杜楚客沒有直接回答,而是反問道:“殿下,您可曾仔細想過,為何之前幾次我們針對太子的行動,大多功敗垂成?”

李泰皺了皺眉,走到主位坐下,努力平復了一下心緒。

“先生請講。”

杜楚客身體微微前傾,目光銳利。

“臣近日無事,將太子自開放東宮,乃至賑災、轄制工部的種種行事,細細梳理了一遍。發現了幾點關鍵之處。”

“哦?”李泰被勾起了好奇心。

“先生髮現了什麼?”

“其一,太子行事,看似主動出擊,實則大多時候,他處於守勢。他先立下一個靶子,或是推行一項新政,然後,靜待別人去攻訐。”

“待對方攻勢已成,他再後發制人,一擊致命。開放東宮是如此,對付謠言亦是如此。他從不首先挑起非必要的爭端。”

李泰的眉頭漸漸鎖緊,他回憶起過往,似乎確實如此。

每次都是他們率先發難,結果卻往往被太子巧妙化解,甚至反戈一擊。

杜楚客繼續道:“其二,殿下您回想一下,當初您為何能屢屢在陛下面前得寵,甚至在朝中形成與太子分庭抗禮之勢?”

李泰沉吟道:“那時……他性情急躁,時常頂撞父皇,行事確有不當之處,被我們抓住要害。”

“不錯!”杜楚客點頭。

“那時是太子在主動犯錯,或者主動攻擊我們,而我們,是在反擊!站在道義的制高點進行反擊!那時我們的策略,在大部分時間裡,是有效的。”

李泰的眼神閃爍,似乎捕捉到了什麼。

杜楚客的聲音低沉下去,帶著一種覆盤後的清醒。

“而反觀最近幾次我們的失利,細細想來,似乎都是我們……主動發起的攻擊。我們以為抓住了機會,實則可能正踏入對方預設的領域。”

書房內陷入短暫的沉默。

李泰臉上的興奮早已褪去,取而代之的是深深的思索。

他不得不承認,杜楚客的分析切中要害。

太子的行事風格,不知從何時起,已經悄然改變。

變得沉穩,變得善於借力打力。

“那……以先生之意,”李泰的聲音有些乾澀。

“這次世家群情洶湧,我們難道要置之不理?這豈不是寒了世家之心,讓他們覺得本王無能,不敢與太子相爭?”

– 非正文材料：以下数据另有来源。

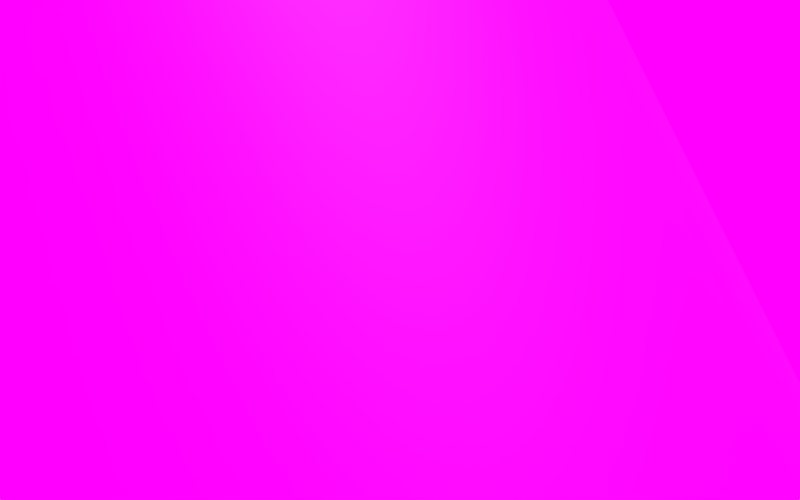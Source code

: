 # Source: plaster01.blend  (saved by Blender 2.75.0; exported with 4.5.12 LTS)
import bpy
from mathutils import Matrix  # noqa: F401  (used for matrix-valued properties, if any)

bpy.ops.wm.read_factory_settings(use_empty=True)
scene = bpy.context.scene
scene.name = 'Scene'

# ---- collections
col_collection_1 = bpy.data.collections.new('Collection 1'); scene.collection.children.link(col_collection_1)

# ---- images (referenced by path relative to the original .blend; pixels are not part of the script)
import os
ASSET_DIR = os.environ.get("B2B_ASSET_DIR", "")  # directory of the original .blend (textures are referenced by path, not embedded)
HERE = os.path.dirname(os.path.abspath(__file__))  # packed textures are extracted next to this script under _unpacked/

def load_image(name, relpath, width, height, colorspace="sRGB"):
    """Load a texture the original file referenced (path relative to the .blend, or extracted next to this script)."""
    p = next((c for c in (os.path.join(HERE, relpath), os.path.join(ASSET_DIR, relpath)) if relpath and os.path.exists(c)), "")
    if p:
        img = bpy.data.images.load(p, check_existing=True)
        img.name = name
    else:  # same state as the original file: an image datablock whose file is absent (Cycles renders it pink)
        img = bpy.data.images.new(name, width, height)
        img.source = "FILE"
        img.filepath = "//" + (relpath or name)
    img.colorspace_settings.name = colorspace
    return img
img_plaster01_jpg = load_image('plaster01.jpg', 'plaster01.jpg', 1024, 1024, 'sRGB')
img_plaster01_ao_jpg = load_image('plaster01_AO.jpg', 'plaster01_AO.jpg', 1024, 1024, 'sRGB')
img_plaster01_norm_jpg = load_image('plaster01_NORM.jpg', 'plaster01_NORM.jpg', 1024, 1024, 'Non-Color')
img_plaster01_spec_jpg = load_image('plaster01_SPEC.jpg', 'plaster01_SPEC.jpg', 1024, 1024, 'sRGB')
img_mg_7122_panorama_exr_001 = load_image('_MG_7122 Panorama.exr.001', '_MG_7122 Panorama.exr', 1024, 1024, 'Linear Rec.709')

# ---- materials (node trees are filled in below, after node groups)
mat_plaster01 = bpy.data.materials.new('plaster01')
mat_plaster01.alpha_threshold = 0.0
mat_plaster01.roughness = 0.5

# ---- material node trees
mat_plaster01.use_nodes = True; mat_plaster01.node_tree.nodes.clear()
_N = mat_plaster01.node_tree.nodes; _L = mat_plaster01.node_tree.links
n0 = _N.new('ShaderNodeTexCoord'); n0.name = 'Texture Coordinate'; n0.location = (-1380, 554)
n1 = _N.new('ShaderNodeMapping'); n1.name = 'Mapping'; n1.location = (-1190, 546)
n1.inputs[3].default_value = (1.5, 1.5, 1.5)
n2 = _N.new('ShaderNodeMix'); n2.name = 'Mix'; n2.location = (-363, 363)
n2.data_type = 'RGBA'
n2.blend_type = 'MULTIPLY'
n2.inputs[0].default_value = 1.0
n3 = _N.new('ShaderNodeOutputMaterial'); n3.name = 'Material Output'; n3.location = (540, 358)
n4 = _N.new('ShaderNodeNormalMap'); n4.name = 'Normal Map'; n4.location = (-380, 69)
n4.uv_map = 'UVMap'
n4.inputs[0].default_value = 0.4
n5 = _N.new('ShaderNodeTexImage'); n5.name = 'Image Texture'; n5.location = (-739, 440)
n5.width = 254
n5.image = img_plaster01_jpg
n6 = _N.new('ShaderNodeTexImage'); n6.name = 'Image Texture.004'; n6.location = (-737, 196)
n6.width = 252
n6.image = img_plaster01_ao_jpg
n7 = _N.new('ShaderNodeTexImage'); n7.name = 'Image Texture.001'; n7.location = (-740, -61)
n7.width = 249
n7.image = img_plaster01_norm_jpg
n8 = _N.new('ShaderNodeTexImage'); n8.name = 'Image Texture.002'; n8.location = (-741, 689)
n8.width = 256
n8.image = img_plaster01_spec_jpg
n9 = _N.new('ShaderNodeMixShader'); n9.name = 'Mix Shader'; n9.location = (262, 414)
n10 = _N.new('ShaderNodeBsdfAnisotropic'); n10.name = 'Glossy BSDF'; n10.location = (86, 269)
n10.distribution = 'GGX'
n10.inputs[1].default_value = 0.6069
n11 = _N.new('ShaderNodeBsdfDiffuse'); n11.name = 'Diffuse BSDF'; n11.location = (-68, 400)
n12 = _N.new('ShaderNodeValToRGB'); n12.name = 'ColorRamp'; n12.location = (-367, 700)
n12.width = 236
while len(n12.color_ramp.elements) > 1: n12.color_ramp.elements.remove(n12.color_ramp.elements[-1])
n12.color_ramp.elements[0].position = 0.0; n12.color_ramp.elements[0].color = (0.0, 0.0, 0.0, 1.0)
_e = n12.color_ramp.elements.new(1.0); _e.color = (0.05809, 0.05809, 0.05809, 1.0)
_L.new(n5.outputs[0], n2.inputs[6])
_L.new(n1.outputs[0], n5.inputs[0])
_L.new(n0.outputs[2], n1.inputs[0])
_L.new(n1.outputs[0], n7.inputs[0])
_L.new(n7.outputs[0], n4.inputs[1])
_L.new(n11.outputs[0], n9.inputs[1])
_L.new(n10.outputs[0], n9.inputs[2])
_L.new(n8.outputs[0], n12.inputs[0])
_L.new(n1.outputs[0], n6.inputs[0])
_L.new(n1.outputs[0], n8.inputs[0])
_L.new(n2.outputs[2], n11.inputs[0])
_L.new(n6.outputs[0], n2.inputs[7])
_L.new(n4.outputs[0], n10.inputs[4])
_L.new(n4.outputs[0], n11.inputs[2])
_L.new(n12.outputs[0], n9.inputs[0])
_L.new(n9.outputs[0], n3.inputs[0])
n3.is_active_output = True

# ---- world
world_world = bpy.data.worlds.new('World'); scene.world = world_world
world_world.use_nodes = True; world_world.node_tree.nodes.clear()
_N = world_world.node_tree.nodes; _L = world_world.node_tree.links
n0 = _N.new('ShaderNodeOutputWorld'); n0.name = 'World Output'; n0.location = (300, 300)
n1 = _N.new('ShaderNodeBackground'); n1.name = 'Background'; n1.location = (10, 300)
n1.inputs[1].default_value = 1.3
n2 = _N.new('ShaderNodeTexEnvironment'); n2.name = 'Environment Texture'; n2.location = (-180, 300)
n2.width = 140
n2.image = img_mg_7122_panorama_exr_001
_L.new(n1.outputs[0], n0.inputs[0])
_L.new(n2.outputs[0], n1.inputs[0])
n0.is_active_output = True
world_world.color = (0.01113, 0.006869, 0.01467)
world_world.use_sun_shadow = False
world_world.sun_shadow_jitter_overblur = 0.0
world_world.cycles.sampling_method = 'MANUAL'
world_world.cycles.sample_map_resolution = 256
world_world.light_settings.ao_factor = 0.1915

# ---- cameras
cam_camera = bpy.data.cameras.new('Camera')
cam_camera.clip_end = 100.0
cam_camera.lens = 85.0
cam_camera.sensor_width = 32.0
cam_camera.sensor_height = 18.0
cam_camera.ortho_scale = 7.314
cam_camera.show_limits = True
cam_camera.dof.focus_distance = 16.49

# ---- lights
light_area_001 = bpy.data.lights.new('Area.001', 'AREA')
light_area_001.color = (0.02502, 0.01059, 0.214)
light_area_001.transmission_factor = 0.0
light_area_001.use_shadow = False
light_area_001.energy = 175.3
light_area_001.shadow_buffer_clip_start = 0.5
light_area_001.shadow_soft_size = 10.0
light_area_001.shadow_maximum_resolution = 0.006
light_area_001.use_absolute_resolution = True
light_area_001.size = 10.0
light_area_001.size_y = 0.1
light_area_001.cycles.max_bounces = 8
light_area = bpy.data.lights.new('Area', 'AREA')
light_area.color = (1.0, 0.8811, 0.7727)
light_area.transmission_factor = 0.0
light_area.energy = 1414.0
light_area.shadow_buffer_clip_start = 0.5
light_area.shadow_soft_size = 7.0
light_area.shadow_maximum_resolution = 0.006
light_area.use_absolute_resolution = True
light_area.size = 7.0
light_area.size_y = 0.1
light_area.cycles.max_bounces = 8

# ---- meshes
me_cylinder = bpy.data.meshes.new('Cylinder')
me_cylinder.from_pydata([(0.5556, 0.8315, -1.0), (0.5556, 0.8315, 1.0), (0.7071, 0.7071, -1.0), (0.7071, 0.7071, 1.0), (0.8315, 0.5556, -1.0), (0.8315, 0.5556, 1.0), (0.9239, 0.3827, -1.0), (0.9239, 0.3827, 1.0), (0.9808, 0.1951, -1.0), (0.9808, 0.1951, 1.0), (1.0, 7.55e-08, -1.0), (1.0, 7.55e-08, 1.0), (0.9808, -0.1951, -1.0), (0.9808, -0.1951, 1.0), (0.9239, -0.3827, -1.0), (0.9239, -0.3827, 1.0), (0.8315, -0.5556, -1.0), (0.8315, -0.5556, 1.0), (0.7071, -0.7071, -1.0), (0.7071, -0.7071, 1.0), (0.5556, -0.8315, -1.0), (0.5556, -0.8315, 1.0), (0.3827, -0.9239, -1.0), (0.3827, -0.9239, 1.0), (0.5556, 0.8315, 0.8), (0.5556, 0.8315, 0.6), (0.5556, 0.8315, 0.4), (0.5556, 0.8315, 0.2), (0.5556, 0.8315, 0.0), (0.5556, 0.8315, -0.2), (0.5556, 0.8315, -0.4), (0.5556, 0.8315, -0.6), (0.5556, 0.8315, -0.8), (0.7071, 0.7071, 0.8), (0.7071, 0.7071, 0.6), (0.7071, 0.7071, 0.4), (0.7071, 0.7071, 0.2), (0.7071, 0.7071, 0.0), (0.7071, 0.7071, -0.2), (0.7071, 0.7071, -0.4), (0.7071, 0.7071, -0.6), (0.7071, 0.7071, -0.8), (0.8315, 0.5556, 0.8), (0.8315, 0.5556, 0.6), (0.8315, 0.5556, 0.4), (0.8315, 0.5556, 0.2), (0.8315, 0.5556, 0.0), (0.8315, 0.5556, -0.2), (0.8315, 0.5556, -0.4), (0.8315, 0.5556, -0.6), (0.8315, 0.5556, -0.8), (0.9239, 0.3827, 0.8), (0.9239, 0.3827, 0.6), (0.9239, 0.3827, 0.4), (0.9239, 0.3827, 0.2), (0.9239, 0.3827, 0.0), (0.9239, 0.3827, -0.2), (0.9239, 0.3827, -0.4), (0.9239, 0.3827, -0.6), (0.9239, 0.3827, -0.8), (0.9808, 0.1951, 0.8), (0.9808, 0.1951, 0.6), (0.9808, 0.1951, 0.4), (0.9808, 0.1951, 0.2), (0.9808, 0.1951, 0.0), (0.9808, 0.1951, -0.2), (0.9808, 0.1951, -0.4), (0.9808, 0.1951, -0.6), (0.9808, 0.1951, -0.8), (1.0, 7.55e-08, 0.8), (1.0, 7.55e-08, 0.6), (1.0, 7.55e-08, 0.4), (1.0, 7.55e-08, 0.2), (1.0, 7.55e-08, 0.0), (1.0, 7.55e-08, -0.2), (1.0, 7.55e-08, -0.4), (1.0, 7.55e-08, -0.6), (1.0, 7.55e-08, -0.8), (0.9808, -0.1951, 0.8), (0.9808, -0.1951, 0.6), (0.9808, -0.1951, 0.4), (0.9808, -0.1951, 0.2), (0.9808, -0.1951, 0.0), (0.9808, -0.1951, -0.2), (0.9808, -0.1951, -0.4), (0.9808, -0.1951, -0.6), (0.9808, -0.1951, -0.8), (0.9239, -0.3827, 0.8), (0.9239, -0.3827, 0.6), (0.9239, -0.3827, 0.4), (0.9239, -0.3827, 0.2), (0.9239, -0.3827, 0.0), (0.9239, -0.3827, -0.2), (0.9239, -0.3827, -0.4), (0.9239, -0.3827, -0.6), (0.9239, -0.3827, -0.8), (0.8315, -0.5556, 0.8), (0.8315, -0.5556, 0.6), (0.8315, -0.5556, 0.4), (0.8315, -0.5556, 0.2), (0.8315, -0.5556, 0.0), (0.8315, -0.5556, -0.2), (0.8315, -0.5556, -0.4), (0.8315, -0.5556, -0.6), (0.8315, -0.5556, -0.8), (0.7071, -0.7071, 0.8), (0.7071, -0.7071, 0.6), (0.7071, -0.7071, 0.4), (0.7071, -0.7071, 0.2), (0.7071, -0.7071, 0.0), (0.7071, -0.7071, -0.2), (0.7071, -0.7071, -0.4), (0.7071, -0.7071, -0.6), (0.7071, -0.7071, -0.8), (0.5556, -0.8315, 0.8), (0.5556, -0.8315, 0.6), (0.5556, -0.8315, 0.4), (0.5556, -0.8315, 0.2), (0.5556, -0.8315, 0.0), (0.5556, -0.8315, -0.2), (0.5556, -0.8315, -0.4), (0.5556, -0.8315, -0.6), (0.5556, -0.8315, -0.8), (0.3827, -0.9239, 0.8), (0.3827, -0.9239, 0.6), (0.3827, -0.9239, 0.4), (0.3827, -0.9239, 0.2), (0.3827, -0.9239, 0.0), (0.3827, -0.9239, -0.2), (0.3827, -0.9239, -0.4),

他內心掙扎,既覺得杜楚客說得有理,又捨不得這送到手中的力量和機會。

杜楚客搖了搖頭,眼中閃過一絲精光。

“不,殿下。臣不是讓您不管。恰恰相反,這次世家主動來投,是極大的好事,是殿下積蓄力量的大好時機,絕不能錯過。”

李泰更加困惑了。

“既不能主動攻擊,又要把握機會,先生此言,豈非矛盾?”

“關鍵在於,如何管。”杜楚客解釋道。

“殿下剛才的想法,是否是想親自衝到前臺,在陛下和百官面前,與太子就此事正面交鋒?”

李泰預設了,他剛才確實是這麼想的。

“這便是主動攻擊。”杜楚客緩緩道。

“殿下為何不換一種方式?為何不將主動權,真正攬在自己手裡,而非是爭一時口舌之快?”

“先生的意思是?”

“殿下請看,”杜楚客用手指蘸了茶水,在案几上畫了兩個圈。

“如今朝中,已隱隱形成一派圍繞在太子身邊的勢力,可稱之為‘太子黨’。這些人,或是寒門出身的新晉官員,或是在原本家族中不得志的旁支庶子,太子給了他們晉身之階和希望。”

他又在另一個圈點了一下。

“而世家大族,尤其是其中的核心人物,對此深感恐懼。他們害怕太子的做法會徹底瓦解他們賴以生存的根基。他們需要一個人來代表他們的利益,對抗太子的這種侵蝕。”

李泰看著案几上的水漬,似乎明白了什麼。

杜楚客繼續道:“殿下當下要做的,不是急於親自上陣與太子辯個是非長短。”

“那樣,殿下依舊是衝在前面的卒子,勝負難料,且容易引火燒身。”

“殿下應該做的,是成為那個能將所有恐懼太子、反對太子的人凝聚起來的核心!您要引導他們,而不是被他們推著走!”

“具體該如何做?”

李泰的身體不自覺地前傾,眼神亮了起來。

“很簡單,”杜楚客沉聲道。

“殿下不必主動與太子對峙。您只需要讓太子的所作所為加深他們對於太子的恐懼,讓他們越來越恐懼,越來越不安。”

他頓了頓,看著李泰的眼睛。

“當他們的恐懼累積到一定程度,他們就會更需要殿下,將殿下視為他們唯一的希望和屏障。”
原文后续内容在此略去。